# [Required work]
Starting at the first line of the entries, extract each line up to and including the one that contains "line L21 (-36.5, 25) -> (-36.5, -25)", but leave out the pictures.

# [The data]
- - - - -

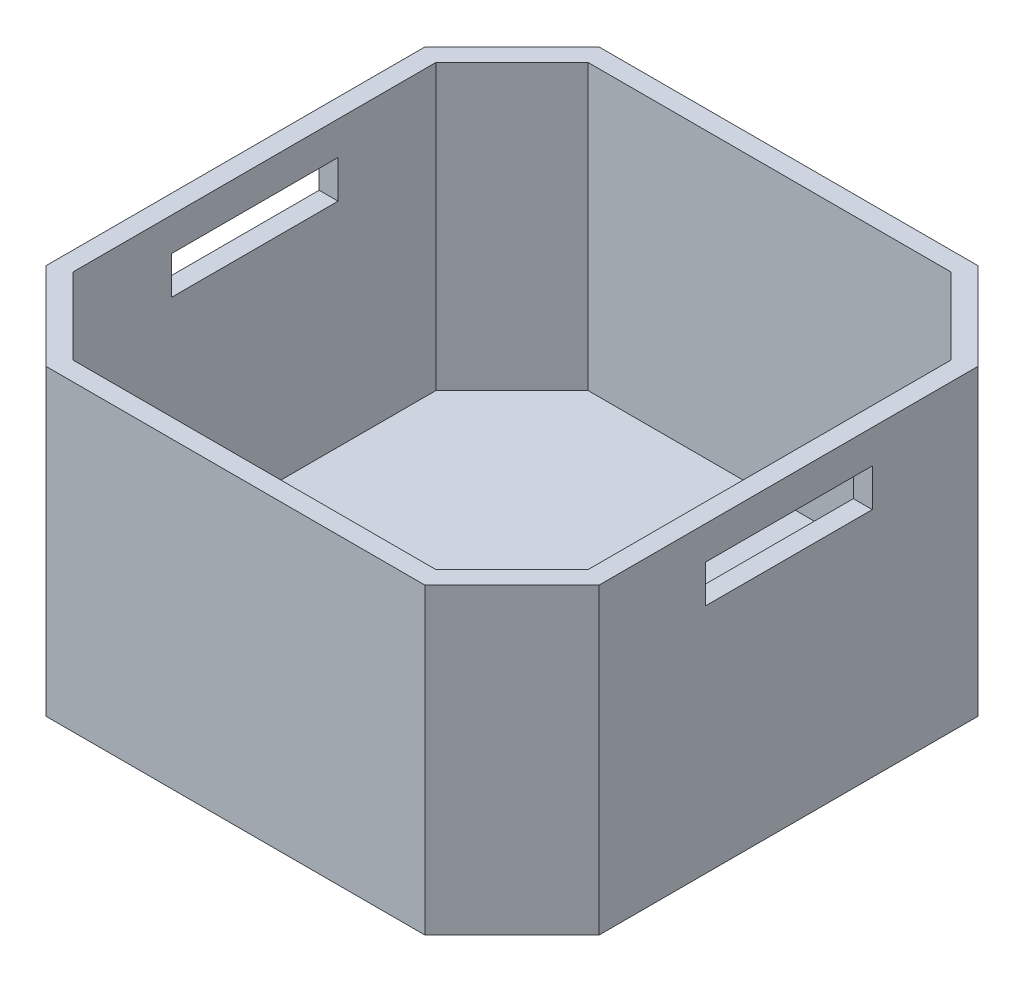
SolidWorks part; units mm, degrees
ref_plane "Alzado" through (0, 0, 0) normal (0, 0, 1) x (1, 0, 0)
ref_plane "Planta" through (0, 0, 0) normal (0, 1, 0) x (1, 0, 0)
ref_plane "Vista lateral" through (0, 0, 0) normal (1, 0, 0) x (0, 0, -1)
sketch "Croquis3" plane through (0, 0, 0) normal (0, 1, 0) x (1, 0, 0)
  line L0 (-25, -32.5) -> (25, -32.5) construction
  line L1 (-25, 32.5) -> (25, 32.5) construction
  line L2 (-25, -32.5) -> (25, 32.5) construction
  line L3 (-25, 32.5) -> (25, -32.5) construction
  line L4 (32.5, 25) -> (32.5, -25) construction
  line L5 (25, -32.5) -> (32.5, -25) construction
  line L6 (32.5, 25) -> (25, 32.5) construction
  line L7 (-32.5, 25) -> (-32.5, -25) construction
  line L8 (-32.5, -25) -> (-25, -32.5) construction
  line L9 (-32.5, 25) -> (-25, 32.5) construction
  line L10 (-25, -32.5) -> (-25, -36.5) construction
  line L11 (-32.5, -25) -> (-36.5, -25) construction
  line L12 (-32.5, 25) -> (-36.5, 25) construction
  line L13 (-25, 32.5) -> (-25, 36.5)
  line L14 (25, 32.5) -> (25, 36.5) construction
  line L15 (32.5, 25) -> (36.5, 25) construction
  line L16 (32.5, -25) -> (36.5, -25) construction
  line L17 (25, -32.5) -> (25, -36.5) construction
  line L18 (-25, -36.5) -> (25, -36.5)
  line L19 (36.5, -25) -> (36.5, 25)
  line L20 (25, 36.5) -> (-25, 36.5)
  line L21 (-36.5, 25) -> (-36.5, -25)
  line L22 (-36.5, -25) -> (-25, -36.5)
  line L23 (-36.5, 25) -> (-25, 36.5)
  line L24 (25, 36.5) -> (36.5, 25)
  line L25 (25, -36.5) -> (36.5, -25)
  point P0 (0, 0)
  point P5 (0, 32.5)
  dimension "D1" = 65
  dimension "D2" = 50
  dimension "D3" = 50
  dimension "D4" = 25
  dimension "D5" = 25
  dimension "D6" = 4
  dimension "D8" = 4
  dimension "D10" = 4
extrude "Saliente-Extruir1" add sketch "Croquis3" along normal blind 40 contours L18 L25 L19 L24 L20 L1 L6 L4 L5 L0 L8 L7 L9 L23 L21 L22 region at (0, 0, 0)
shell "Vaciado1" thickness 2.5 removed face at (0, 40, 0)
sketch "Croquis5" plane through (-36.5, 0, 0) normal (-1, 0, 0) x (0, 0, 1)
  line L0 (-25, 40) -> (-25, 0) construction
  line L1 (-11.05, 35.6) -> (10.95, 35.6)
  line L2 (-11.05, 35.6) -> (-11.05, 30.6)
  line L3 (-11.05, 30.6) -> (10.95, 30.6)
  line L4 (10.95, 35.6) -> (10.95, 30.6)
  dimension "D1" = 22
  dimension "D2" = 13.95
  dimension "D3" = 4.4
  dimension "D4" = 5
extrude "Cortar-Extruir1" cut sketch "Croquis5" against normal through all
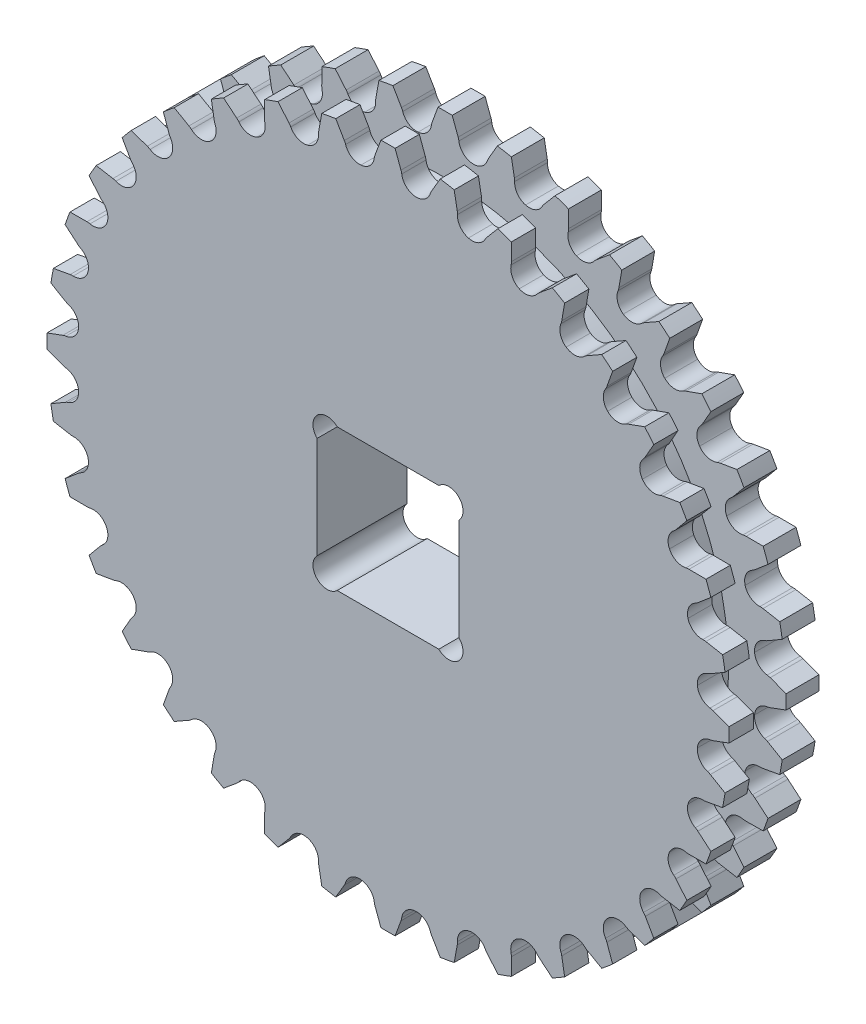
SolidWorks part; units mm, degrees
ref_plane "Front Plane" through (0, 0, 0) normal (0, 0, 1) x (1, 0, 0)
ref_plane "Top Plane" through (0, 0, 0) normal (0, 1, 0) x (1, 0, 0)
ref_plane "Right Plane" through (0, 0, 0) normal (1, 0, 0) x (0, 0, -1)
sketch "Sketch1" plane through (0, 0, 0) normal (0, 0, 1) x (1, 0, 0)
  line L0 (0, 38.2016) -> (0, -38.2016) construction
  line L1 (-3.175, 36.2977) -> (3.175, 36.2977) construction
  line L2 (-0.7937, 38.1934) -> (-1.4554, 36.4072)
  line L3 (-3.175, 36.2977) -> (0, 0) construction
  line L4 (0.7937, 38.1934) -> (1.4554, 36.4072)
  line L5 (3.175, 36.2977) -> (0, 0) construction
  line L6 (-0.7937, 38.1934) -> (0.7937, 38.1934) construction
  line L7 (5.8505, 37.7509) -> (4.8887, 36.1068)
  line L8 (7.4139, 37.4753) -> (7.7554, 35.6014)
  line L9 (12.317, 36.1615) -> (11.0843, 34.7094)
  line L10 (13.8088, 35.6185) -> (13.8197, 33.7138)
  line L11 (18.4093, 33.4733) -> (16.9432, 32.2573)
  line L12 (19.7841, 32.6795) -> (19.4641, 30.8019)
  line L13 (23.9422, 29.768) -> (22.2872, 28.8251)
  line L14 (25.1583, 28.7476) -> (24.517, 26.954)
  line L15 (28.7476, 25.1583) -> (26.954, 24.517)
  line L16 (29.768, 23.9422) -> (28.8251, 22.2872)
  line L17 (32.6795, 19.7841) -> (30.8019, 19.4641)
  line L18 (33.4733, 18.4093) -> (32.2573, 16.9432)
  line L19 (35.6185, 13.8088) -> (33.7138, 13.8197)
  line L20 (36.1615, 12.317) -> (34.7094, 11.0843)
  line L21 (37.4753, 7.4139) -> (35.6014, 7.7554)
  line L22 (37.7509, 5.8505) -> (36.1068, 4.8887)
  line L23 (38.1934, 0.7937) -> (36.4072, 1.4554)
  line L24 (38.1934, -0.7938) -> (36.4072, -1.4554)
  line L25 (37.7509, -5.8505) -> (36.1068, -4.8887)
  line L26 (37.4753, -7.4139) -> (35.6014, -7.7554)
  line L27 (36.1615, -12.317) -> (34.7094, -11.0843)
  line L28 (35.6185, -13.8088) -> (33.7138, -13.8197)
  line L29 (33.4733, -18.4093) -> (32.2573, -16.9432)
  line L30 (32.6795, -19.7841) -> (30.8019, -19.4641)
  line L31 (29.768, -23.9422) -> (28.8251, -22.2872)
  line L32 (28.7476, -25.1583) -> (26.954, -24.517)
  line L33 (25.1583, -28.7476) -> (24.517, -26.954)
  line L34 (23.9422, -29.768) -> (22.2872, -28.8251)
  line L35 (19.7841, -32.6795) -> (19.4641, -30.8019)
  line L36 (18.4093, -33.4733) -> (16.9432, -32.2573)
  line L37 (13.8088, -35.6185) -> (13.8197, -33.7138)
  line L38 (12.317, -36.1615) -> (11.0843, -34.7094)
  line L39 (7.4139, -37.4753) -> (7.7554, -35.6014)
  line L40 (5.8505, -37.7509) -> (4.8887, -36.1068)
  line L41 (0.7937, -38.1934) -> (1.4554, -36.4072)
  line L42 (-0.7938, -38.1934) -> (-1.4554, -36.4072)
  line L43 (-5.8505, -37.7509) -> (-4.8887, -36.1068)
  line L44 (-7.4139, -37.4753) -> (-7.7554, -35.6014)
  line L45 (-12.317, -36.1615) -> (-11.0843, -34.7094)
  line L46 (-13.8088, -35.6185) -> (-13.8197, -33.7138)
  line L47 (-18.4093, -33.4733) -> (-16.9432, -32.2573)
  line L48 (-19.7841, -32.6795) -> (-19.4641, -30.8019)
  line L49 (-23.9422, -29.768) -> (-22.2872, -28.8251)
  line L50 (-25.1583, -28.7476) -> (-24.517, -26.954)
  line L51 (-28.7476, -25.1583) -> (-26.954, -24.517)
  line L52 (-29.768, -23.9422) -> (-28.8251, -22.2872)
  line L53 (-32.6795, -19.7841) -> (-30.8019, -19.4641)
  line L54 (-33.4733, -18.4093) -> (-32.2573, -16.9432)
  line L55 (-35.6185, -13.8088) -> (-33.7138, -13.8197)
  line L56 (-36.1615, -12.317) -> (-34.7094, -11.0843)
  line L57 (-37.4753, -7.4139) -> (-35.6014, -7.7554)
  line L58 (-37.7509, -5.8505) -> (-36.1068, -4.8887)
  line L59 (-38.1934, -0.7937) -> (-36.4072, -1.4554)
  line L60 (-38.1934, 0.7938) -> (-36.4072, 1.4554)
  line L61 (-37.7509, 5.8505) -> (-36.1068, 4.8887)
  line L62 (-37.4753, 7.4139) -> (-35.6014, 7.7554)
  line L63 (-36.1615, 12.317) -> (-34.7094, 11.0843)
  line L64 (-35.6185, 13.8088) -> (-33.7138, 13.8197)
  line L65 (-33.4733, 18.4093) -> (-32.2573, 16.9432)
  line L66 (-32.6795, 19.7841) -> (-30.8019, 19.4641)
  line L67 (-29.768, 23.9422) -> (-28.8251, 22.2872)
  line L68 (-28.7476, 25.1583) -> (-26.954, 24.517)
  line L69 (-25.1583, 28.7476) -> (-24.517, 26.954)
  line L70 (-23.9422, 29.768) -> (-22.2872, 28.8251)
  line L71 (-19.7841, 32.6795) -> (-19.4641, 30.8019)
  line L72 (-18.4093, 33.4733) -> (-16.9432, 32.2573)
  line L73 (-13.8088, 35.6185) -> (-13.8197, 33.7138)
  line L74 (-12.317, 36.1615) -> (-11.0843, 34.7094)
  line L75 (-7.4139, 37.4753) -> (-7.7554, 35.6014)
  line L76 (-5.8505, 37.7509) -> (-4.8887, 36.1068)
  circle A0 centre (0, 0) radius 36.4363 construction
  arc A1 (0.7937, 38.1934) -> (-0.7937, 38.1934) centre (0, 0) ccw
  arc A4 (1.4554, 36.4072) -> (1.5394, 36.0724) centre (-0.0332, 35.8557) cw
  arc A5 (-1.4554, 36.4072) -> (-1.5394, 36.0724) centre (0.0332, 35.8557) ccw
  arc A6 (-3.0311, 34.653) -> (-1.5394, 36.0724) centre (-3.175, 36.2977) ccw
  arc A7 (1.5394, 36.0724) -> (3.0311, 34.653) centre (3.175, 36.2977) ccw construction
  arc A9 (7.4139, 37.4753) -> (5.8505, 37.7509) centre (0, 0) ccw
  arc A10 (7.7554, 35.6014) -> (7.78, 35.257) centre (6.1936, 35.3168) cw
  arc A11 (4.8887, 36.1068) -> (4.7478, 35.7917) centre (6.259, 35.3053) ccw
  arc A13 (13.8088, 35.6185) -> (12.317, 36.1615) centre (0, 0) ccw
  arc A14 (13.8197, 33.7138) -> (13.7841, 33.3704) centre (12.2322, 33.7047) cw
  arc A15 (11.0843, 34.7094) -> (10.8909, 34.4235) centre (12.2946, 33.682) ccw
  arc A16 (9.0037, 33.5999) -> (10.8909, 34.4235) centre (9.431, 35.1946) ccw
  arc A17 (19.7841, 32.6795) -> (18.4093, 33.4733) centre (0, 0) ccw
  arc A18 (19.4641, 30.8019) -> (19.3694, 30.4699) centre (17.8991, 31.0686) cw
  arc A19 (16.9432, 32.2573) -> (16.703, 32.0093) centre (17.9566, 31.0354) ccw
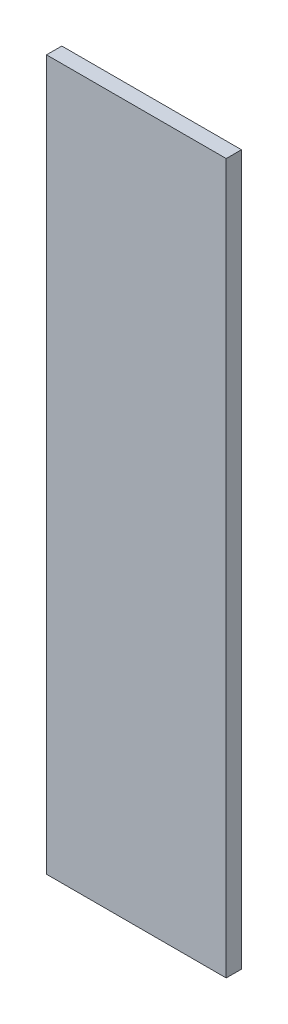
SolidWorks part; units mm, degrees
material "ABS"
ref_plane "Front Plane" through (0, 0, 0) normal (0, 0, 1) x (1, 0, 0)
ref_plane "Top Plane" through (0, 0, 0) normal (0, 1, 0) x (1, 0, 0)
ref_plane "Right Plane" through (0, 0, 0) normal (1, 0, 0) x (0, 0, -1)
sketch "Sketch1" plane through (0, 0, 0) normal (0, 0, 1) x (1, 0, 0)
  line L1 (-10, -39.5) -> (10, -39.5)
  line L2 (-10, -39.5) -> (-10, 39.5)
  line L3 (-10, 39.5) -> (10, 39.5)
  line L4 (10, -39.5) -> (10, 39.5)
  line L5 (-10, -39.5) -> (10, 39.5) construction
  line L6 (-10, 39.5) -> (10, -39.5) construction
  point P0 (0, 0)
  dimension "D1" = 20
  dimension "D2" = 79
extrude "Boss-Extrude1" add sketch "Sketch1" along normal blind 1.7
equation "\"smallPulleyTeeth\"= 30"
equation "\"largePulleyTeeth\"= 30"
equation "\"eighthThick\"= 3.0mm"
equation "\"sixteenthThick\" = 1.7mm"
equation "\"quarterThick\"=6.0mm"
equation "\"OD\" = 145mm"
equation "\"puckAngle\" = 60.5deg"
equation "\"puckDiam\" = 76.5mm"
equation "\"puckDist\" = 85mm"
equation "\"scoopFillet\" = 5mm"
equation "\"axlePress\" = 5.9mm"
equation "\"press\" = 0.2mm"
equation "\"wheelClear\" = 0.3mm"
equation "\"10-32clear\" = 4.8mm"
equation "\"10-32tap\" = 4.45mm"
equation "\"6-32clear\" = 3.3mm"
equation "\"8-32clear\" = 4.0mm"
equation "\"4-40clear\" = 3.0mm"
equation "\"wheelHeight\" = 22mm"
equation "\"wheelWell\" = 65mm"
equation "\"ledSmall\" = 3.1mm"
equation "\"ledLarge\" = 4.2mm"
equation "\"ledLength\" = 4.2mm"
equation "\"4-40close\" = 2.7mm"
equation "\"4-40nutThick\" = 2.2mm"
equation "\"4-40nutWidth\" = 6.2mm"
equation "\"4-40insertHeight\" = 3.5mm"
equation "\"4-40insert\" = 4mm"
equation "\"D1@Boss-Extrude1\"=\"sixteenthThick\""

- - - - -

# [The answer]
SolidWorks part; units mm, degrees
ref_plane "Alzado" through (0, 0, 0) normal (0, 0, 1) x (1, 0, 0)
ref_plane "Planta" through (0, 0, 0) normal (0, 1, 0) x (1, 0, 0)
ref_plane "Vista lateral" through (0, 0, 0) normal (1, 0, 0) x (0, 0, -1)
sketch "Croquis3" plane through (0, 0, 0) normal (0, 1, 0) x (1, 0, 0)
  line L0 (-25, -32.5) -> (25, -32.5) construction
  line L1 (-25, 32.5) -> (25, 32.5) construction
  line L2 (-25, -32.5) -> (25, 32.5) construction
  line L3 (-25, 32.5) -> (25, -32.5) construction
  line L4 (32.5, 25) -> (32.5, -25) construction
  line L5 (25, -32.5) -> (32.5, -25) construction
  line L6 (32.5, 25) -> (25, 32.5) construction
  line L7 (-32.5, 25) -> (-32.5, -25) construction
  line L8 (-32.5, -25) -> (-25, -32.5) construction
  line L9 (-32.5, 25) -> (-25, 32.5) construction
  line L10 (-25, -32.5) -> (-25, -36.5) construction
  line L11 (-32.5, -25) -> (-36.5, -25) construction
  line L12 (-32.5, 25) -> (-36.5, 25) construction
  line L13 (-25, 32.5) -> (-25, 36.5)
  line L14 (25, 32.5) -> (25, 36.5) construction
  line L15 (32.5, 25) -> (36.5, 25) construction
  line L16 (32.5, -25) -> (36.5, -25) construction
  line L17 (25, -32.5) -> (25, -36.5) construction
  line L18 (-25, -36.5) -> (25, -36.5)
  line L19 (36.5, -25) -> (36.5, 25)
  line L20 (25, 36.5) -> (-25, 36.5)
  line L21 (-36.5, 25) -> (-36.5, -25)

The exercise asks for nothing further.